If none apply. When the plan remains consistent, evidence-driven, and free of contradictions, label no match.
4.2 LLM-Judge Pipeline
For each trace, I prompt a judge model along roughly these lines:
“You are analyzing an autonomous coding agent’s trace. For each of the following behaviors, answer YES/NO if it occurs at least once in this run:
- Memory drift: …
- Overconfidence: …
- Strange behaviors: …
- Self-correction: …
- Validation: …
- Planning: …
Output JSON with boolean flags.”
Docent handles:
- Chunking long traces
- Caching / batched inference
- Writing back a normalized JSON record:
{
"task_id": "...",
"success": true,
"flags": {
"memory_drift": true,
"overconfidence": false,
"strange_behaviors": true,
"self_correction": true,
"validation": true,
"planning": false
}
}
4.3 Clustering and Failure Taxonomy
Beyond boolean flags, I also cluster similar failure runs:
- Embed short LLM summaries of each failed trace.
- Run clustering (e.g., k-means / hierarchical) to group runs with similar narratives like:
- “Loops between editing and failing the same test”
- “Fixes one test but breaks others and stops early”
- “Misunderstands which file is responsible for behavior”

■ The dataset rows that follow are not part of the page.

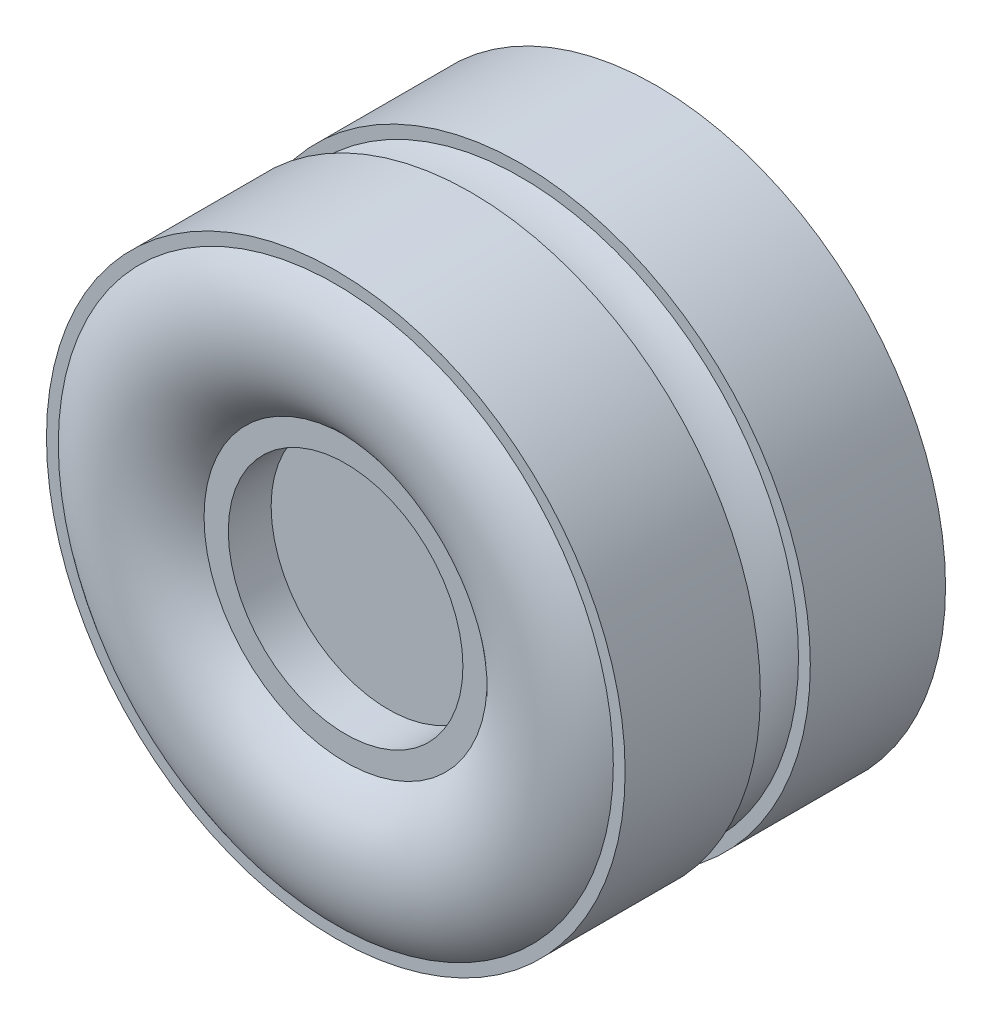
ISO-10303-21;
HEADER;
FILE_DESCRIPTION(('STEP AP214'),'2;1');
FILE_NAME('part.step','',(''),(''),'','','');
FILE_SCHEMA(('AUTOMOTIVE_DESIGN { 1 0 10303 214 1 1 1 1 }'));
ENDSEC;
DATA;
#1=APPLICATION_CONTEXT('core data for automotive mechanical design processes');
#2=APPLICATION_PROTOCOL_DEFINITION('international standard','automotive_design',2000,#1);
#3=PRODUCT_CONTEXT('',#1,'mechanical');
#4=PRODUCT('Part','Part','',(#3));
#5=PRODUCT_RELATED_PRODUCT_CATEGORY('part','',(#4));
#6=PRODUCT_DEFINITION_FORMATION('','',#4);
#7=PRODUCT_DEFINITION_CONTEXT('part definition',#1,'design');
#8=PRODUCT_DEFINITION('design','',#6,#7);
#9=PRODUCT_DEFINITION_SHAPE('','',#8);
#10=(LENGTH_UNIT() NAMED_UNIT(*) SI_UNIT(.MILLI.,.METRE.));
#11=(NAMED_UNIT(*) PLANE_ANGLE_UNIT() SI_UNIT($,.RADIAN.));
#12=(NAMED_UNIT(*) SI_UNIT($,.STERADIAN.) SOLID_ANGLE_UNIT());
#13=UNCERTAINTY_MEASURE_WITH_UNIT(LENGTH_MEASURE(1.E-05),#10,'distance_accuracy_value','');
#14=(GEOMETRIC_REPRESENTATION_CONTEXT(3) GLOBAL_UNCERTAINTY_ASSIGNED_CONTEXT((#13)) GLOBAL_UNIT_ASSIGNED_CONTEXT((#10,
#11,#12)) REPRESENTATION_CONTEXT('',''));
#15=CARTESIAN_POINT('',(0.,0.,0.));
#16=DIRECTION('',(0.,0.,1.));
#17=DIRECTION('',(1.,0.,0.));
#18=AXIS2_PLACEMENT_3D('',#15,#16,#17);
#19=CARTESIAN_POINT('',(0.,0.,-84.5961864311711));
#20=DIRECTION('',(0.,0.,-1.));
#21=DIRECTION('',(-1.,0.,0.));
#22=AXIS2_PLACEMENT_3D('',#19,#20,#21);
#23=TOROIDAL_SURFACE('',#22,94.1951945537992,43.0227364311711);
#24=CARTESIAN_POINT('',(0.,0.,-55.9087530309759));
#25=DIRECTION('',(0.,0.,-1.));
#26=DIRECTION('',(-1.,0.,0.));
#27=AXIS2_PLACEMENT_3D('',#24,#25,#26);
#28=CIRCLE('',#27,62.132957967195);
#29=CARTESIAN_POINT('',(-62.132957967195,0.,-55.9087530309759));
#30=VERTEX_POINT('',#29);
#31=EDGE_CURVE('E80',#30,#30,#28,.T.);
#32=ORIENTED_EDGE('',*,*,#31,.T.);
#33=EDGE_LOOP('',(#32));
#34=FACE_BOUND('',#33,.T.);
#35=CARTESIAN_POINT('',(0.,0.,-51.60645));
#36=DIRECTION('',(0.,0.,-1.));
#37=DIRECTION('',(-1.,0.,0.));
#38=AXIS2_PLACEMENT_3D('',#35,#36,#37);
#39=CIRCLE('',#38,121.811007781511);
#40=CARTESIAN_POINT('',(-121.811007781511,0.,-51.60645));
#41=VERTEX_POINT('',#40);
#42=EDGE_CURVE('E11',#41,#41,#39,.T.);
#43=ORIENTED_EDGE('',*,*,#42,.F.);
#44=EDGE_LOOP('',(#43));
#45=FACE_BOUND('',#44,.T.);
#46=ADVANCED_FACE('F46',(#34,#45),#23,.T.);
#47=CARTESIAN_POINT('',(0.,121.811007781511,-51.60645));
#48=DIRECTION('',(0.,0.,1.));
#49=DIRECTION('',(1.,0.,0.));
#50=AXIS2_PLACEMENT_3D('',#47,#48,#49);
#51=PLANE('',#50);
#52=ORIENTED_EDGE('',*,*,#42,.T.);
#53=EDGE_LOOP('',(#52));
#54=FACE_BOUND('',#53,.T.);
#55=CARTESIAN_POINT('',(0.,0.,-51.60645));
#56=DIRECTION('',(0.,0.,-1.));
#57=DIRECTION('',(-1.,0.,0.));
#58=AXIS2_PLACEMENT_3D('',#55,#56,#57);
#59=CIRCLE('',#58,127.);
#60=CARTESIAN_POINT('',(-127.,0.,-51.60645));
#61=VERTEX_POINT('',#60);
#62=EDGE_CURVE('E52',#61,#61,#59,.T.);
#63=ORIENTED_EDGE('',*,*,#62,.F.);
#64=EDGE_LOOP('',(#63));
#65=FACE_BOUND('',#64,.T.);
#66=ADVANCED_FACE('F98',(#54,#65),#51,.T.);
#67=CARTESIAN_POINT('',(0.,0.,-81.28));
#68=DIRECTION('',(0.,0.,-1.));
#69=DIRECTION('',(-1.,0.,0.));
#70=AXIS2_PLACEMENT_3D('',#67,#68,#69);
#71=CYLINDRICAL_SURFACE('',#70,127.);
#72=ORIENTED_EDGE('',*,*,#62,.T.);
#73=EDGE_LOOP('',(#72));
#74=FACE_BOUND('',#73,.T.);
#75=CARTESIAN_POINT('',(0.,0.,-110.95355));
#76=DIRECTION('',(0.,0.,-1.));
#77=DIRECTION('',(-1.,0.,0.));
#78=AXIS2_PLACEMENT_3D('',#75,#76,#77);
#79=CIRCLE('',#78,127.);
#80=CARTESIAN_POINT('',(-127.,0.,-110.95355));
#81=VERTEX_POINT('',#80);
#82=EDGE_CURVE('E56',#81,#81,#79,.T.);
#83=ORIENTED_EDGE('',*,*,#82,.F.);
#84=EDGE_LOOP('',(#83));
#85=FACE_BOUND('',#84,.T.);
#86=ADVANCED_FACE('F102',(#74,#85),#71,.T.);
#87=CARTESIAN_POINT('',(0.,127.,-110.95355));
#88=DIRECTION('',(0.,0.,-1.));
#89=DIRECTION('',(-1.,0.,0.));
#90=AXIS2_PLACEMENT_3D('',#87,#88,#89);
#91=PLANE('',#90);
#92=ORIENTED_EDGE('',*,*,#82,.T.);
#93=EDGE_LOOP('',(#92));
#94=FACE_BOUND('',#93,.T.);
#95=CARTESIAN_POINT('',(0.,0.,-110.95355));
#96=DIRECTION('',(0.,0.,-1.));
#97=DIRECTION('',(-1.,0.,0.));
#98=AXIS2_PLACEMENT_3D('',#95,#96,#97);
#99=CIRCLE('',#98,121.811007781511);
#100=CARTESIAN_POINT('',(-121.811007781511,0.,-110.95355));
#101=VERTEX_POINT('',#100);
#102=EDGE_CURVE('E60',#101,#101,#99,.T.);
#103=ORIENTED_EDGE('',*,*,#102,.F.);
#104=EDGE_LOOP('',(#103));
#105=FACE_BOUND('',#104,.T.);
#106=ADVANCED_FACE('F106',(#94,#105),#91,.T.);
#107=CARTESIAN_POINT('',(0.,0.,-77.963813568829));
#108=DIRECTION('',(0.,0.,-1.));
#109=DIRECTION('',(-1.,0.,0.));
#110=AXIS2_PLACEMENT_3D('',#107,#108,#109);
#111=TOROIDAL_SURFACE('',#110,94.1951945537992,43.0227364311711);
#112=ORIENTED_EDGE('',*,*,#102,.T.);
#113=EDGE_LOOP('',(#112));
#114=FACE_BOUND('',#113,.T.);
#115=CARTESIAN_POINT('',(0.,0.,-106.651246969024));
#116=DIRECTION('',(0.,0.,-1.));
#117=DIRECTION('',(-1.,0.,0.));
#118=AXIS2_PLACEMENT_3D('',#115,#116,#117);
#119=CIRCLE('',#118,62.132957967195);
#120=CARTESIAN_POINT('',(-62.132957967195,0.,-106.651246969024));
#121=VERTEX_POINT('',#120);
#122=EDGE_CURVE('E65',#121,#121,#119,.T.);
#123=ORIENTED_EDGE('',*,*,#122,.F.);
#124=EDGE_LOOP('',(#123));
#125=FACE_BOUND('',#124,.T.);
#126=ADVANCED_FACE('F112',(#114,#125),#111,.T.);
#127=CARTESIAN_POINT('',(0.,51.4886860347556,-106.651246969024));
#128=DIRECTION('',(0.,0.,-1.));
#129=DIRECTION('',(-1.,0.,0.));
#130=AXIS2_PLACEMENT_3D('',#127,#128,#129);
#131=PLANE('',#130);
#132=ORIENTED_EDGE('',*,*,#122,.T.);
#133=EDGE_LOOP('',(#132));
#134=FACE_BOUND('',#133,.T.);
#135=CARTESIAN_POINT('',(0.,0.,-106.651246969024));
#136=DIRECTION('',(0.,0.,-1.));
#137=DIRECTION('',(-1.,0.,0.));
#138=AXIS2_PLACEMENT_3D('',#135,#136,#137);
#139=CIRCLE('',#138,51.4886860347556);
#140=CARTESIAN_POINT('',(-51.4886860347556,0.,-106.651246969024));
#141=VERTEX_POINT('',#140);
#142=EDGE_CURVE('E68',#141,#141,#139,.T.);
#143=ORIENTED_EDGE('',*,*,#142,.F.);
#144=EDGE_LOOP('',(#143));
#145=FACE_BOUND('',#144,.T.);
#146=ADVANCED_FACE('F116',(#134,#145),#131,.T.);
#147=CARTESIAN_POINT('',(0.,0.,-81.28));
#148=DIRECTION('',(0.,0.,-1.));
#149=DIRECTION('',(-1.,0.,0.));
#150=AXIS2_PLACEMENT_3D('',#147,#148,#149);
#151=CYLINDRICAL_SURFACE('',#150,51.4886860347556);
#152=ORIENTED_EDGE('',*,*,#142,.T.);
#153=EDGE_LOOP('',(#152));
#154=FACE_BOUND('',#153,.T.);
#155=CARTESIAN_POINT('',(0.,0.,-88.2187004834596));
#156=DIRECTION('',(0.,0.,-1.));
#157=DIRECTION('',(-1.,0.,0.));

This gives a taxonomy of failure modes to go with the numeric metrics.
5. Quantitative Results

✅ Interpretation: Memory drift is ~4.6× more common in failed runs, making it a high-leverage failure mode to attack in the agent architecture. Self-correction and validation show positive correlations with success, while planning as currently implemented actually predicts failure, likely because the model writes long, idealized plans that it cannot faithfully execute given limited context and tool reliability.
6. What I Learned (Technically)
-
Agent performance is dominated by scaffolding design, not the model.
-
Trace-based signals convert SWE-Bench from sparse RL to trainable RL. Raw pass/fail produces a single reward per run, making RL intractably sparse. Rubric-level trace analysis produces dense behavioral labels (e.g., memory_drift, overconfidence, validation, self_correction), which act as mid-trajectory reward signals. These expose actionable levers:
- penalize behaviors like drift or unvalidated patches
- reward test-driven correction and grounded tool use
- constrain planning to short, executable steps
7. Next Steps
I’m now exploring:
-
RL-style optimization where reward is a combination of:
- SWE-Bench success
- Negative reward for memory drift / strange behavior flags
- Positive reward for self-correction and validation
-
Scaffolding search: automatically tuning DSPy program structure (module prompts, step limits, validation strength) guided by trace-level metrics.